The articles in this issue comprise several very important aspects of reproducible research:
Identification of barriers to reproducibility and solutions to such barriers
Evidence synthesis as related to transparent reporting and reproducibility
Reflection on how information professionals, researchers, and librarians perceive the reproducibility crisis and how they can partner to help solve it.
The issue begins with “Reproducibility literature analysis” which looks at existing resources and literature to identify barriers to reproducibility and potential solutions. The authors have compiled a comprehensive list of resources with annotations that include definitions of key concepts pertinent to the reproducibility crisis.
The next article addresses data reuse from the perspective of a large research university. The authors examine instances of both successful and failed data reuse instances and identify best practices for librarians interested in conducting research involving the common forms of data collected in an academic library.
Systematic reviews are a research approach that involves the quantitative and/or qualitative synthesis of data collected through a comprehensive literature review. “Methods reporting that supports reader confidence for systematic reviews in psychology” looks at the reproducibility of electronic literature searches reported in psychology systematic reviews.

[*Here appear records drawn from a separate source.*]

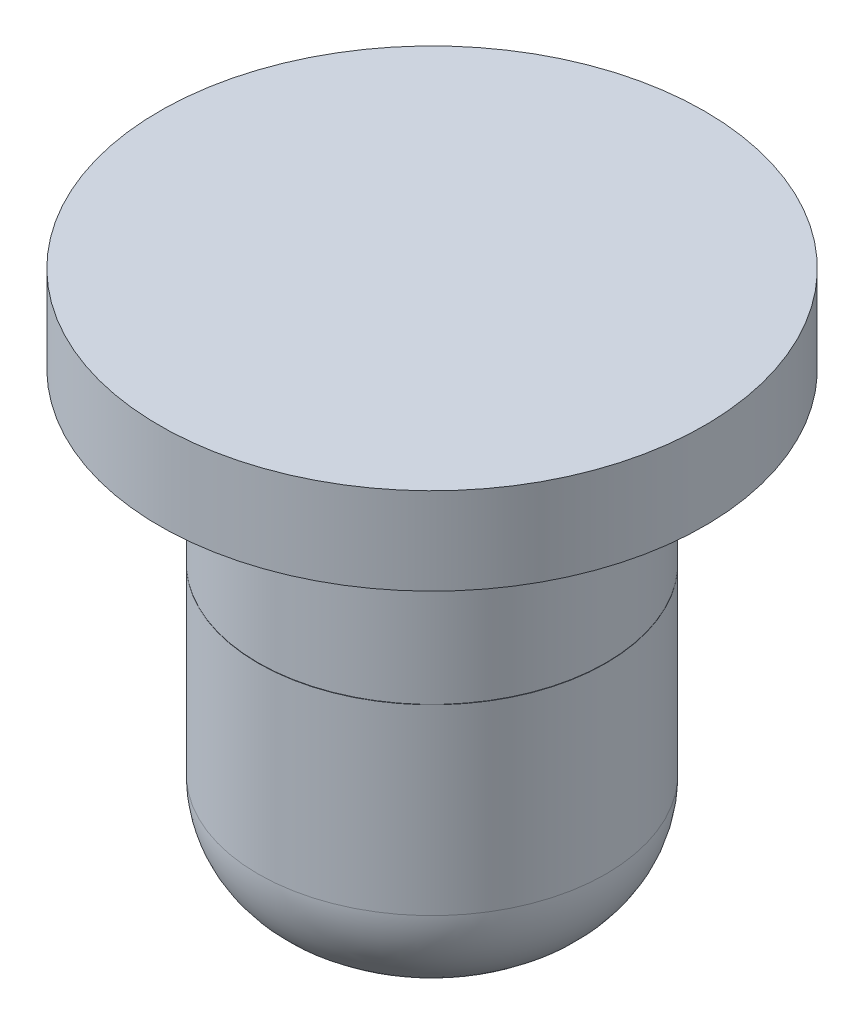
from build123d import *

# Parameters (mm, degrees)
CUT_EXTRUDE1_DEPTH      = 36.083710153
CUT_EXTRUDE1_DEPTH_BACK = 36.083710153
SKETCH2_W               = 72.831256038
SKETCH2_H               = 0.0254


with BuildPart() as part:
    # Sketch1 → Revolve1 (revolve)
    with BuildSketch(Plane.XY):
        with BuildLine():
            Line((0, 18.626666667), (19.896666667, 18.626666667))
            Line((19.896666667, 18.626666667), (19.896666667, 12.276666667))
            Line((19.896666667, 12.276666667), (12.7, 12.276666667))
            Line((12.7, 12.276666667), (12.7, -13.335))
            ThreePointArc((12.7, -13.335), (10.468153673, -18.723153673), (5.08, -20.955))
            Line((5.08, -20.955), (0, -20.955))
            Line((0, -20.955), (0, 18.626666667))
        make_face()
    revolve(axis=Axis((0, -20.955, 0), (0, 1, 0)))

    # Sketch2 → Cut-Extrude1 (cut, two sides: drawn at the far end of the back side and taken through both)
    with BuildSketch(Plane.XY.offset(-CUT_EXTRUDE1_DEPTH_BACK)):
        with Locations((0, 0.0127)):
            Rectangle(SKETCH2_W, SKETCH2_H)
    extrude(amount=CUT_EXTRUDE1_DEPTH + CUT_EXTRUDE1_DEPTH_BACK, mode=Mode.SUBTRACT)


with BuildPart() as cut_extrude1_piece_1:
    # of the separate pieces the step leaves, piece 1, a body of its own (cut_extrude1_pieces)
    add(part.part.solids().sort_by_distance((12.7, 12.276666667, 0))[0])


with BuildPart() as cut_extrude1_piece_2:
    # of the separate pieces the step leaves, piece 2, a body of its own (cut_extrude1_pieces)
    add(part.part.solids().sort_by_distance((5.08, -20.955, 0))[0])


solid = Compound([cut_extrude1_piece_1.part, cut_extrude1_piece_2.part])

A fundamental challenge in reproducing or replicating computational results is the need for researchers to make available the code used in producing these results. But sharing code and having it to run correctly for another user can present significant technical challenges. In “Reproducibility, preservation, and access to research with Reprozip, Reproserver” the authors describe open source software that they are developing to address these challenges.
Taking a published article and attempting to reproduce the results, is an exercise that is sometimes used in academic courses to highlight the inherent difficulty of the process. The final article in this issue, “ReprohackNL 2019: How libraries can promote research reproducibility through community engagement” describes an innovative library-based variation to this exercise.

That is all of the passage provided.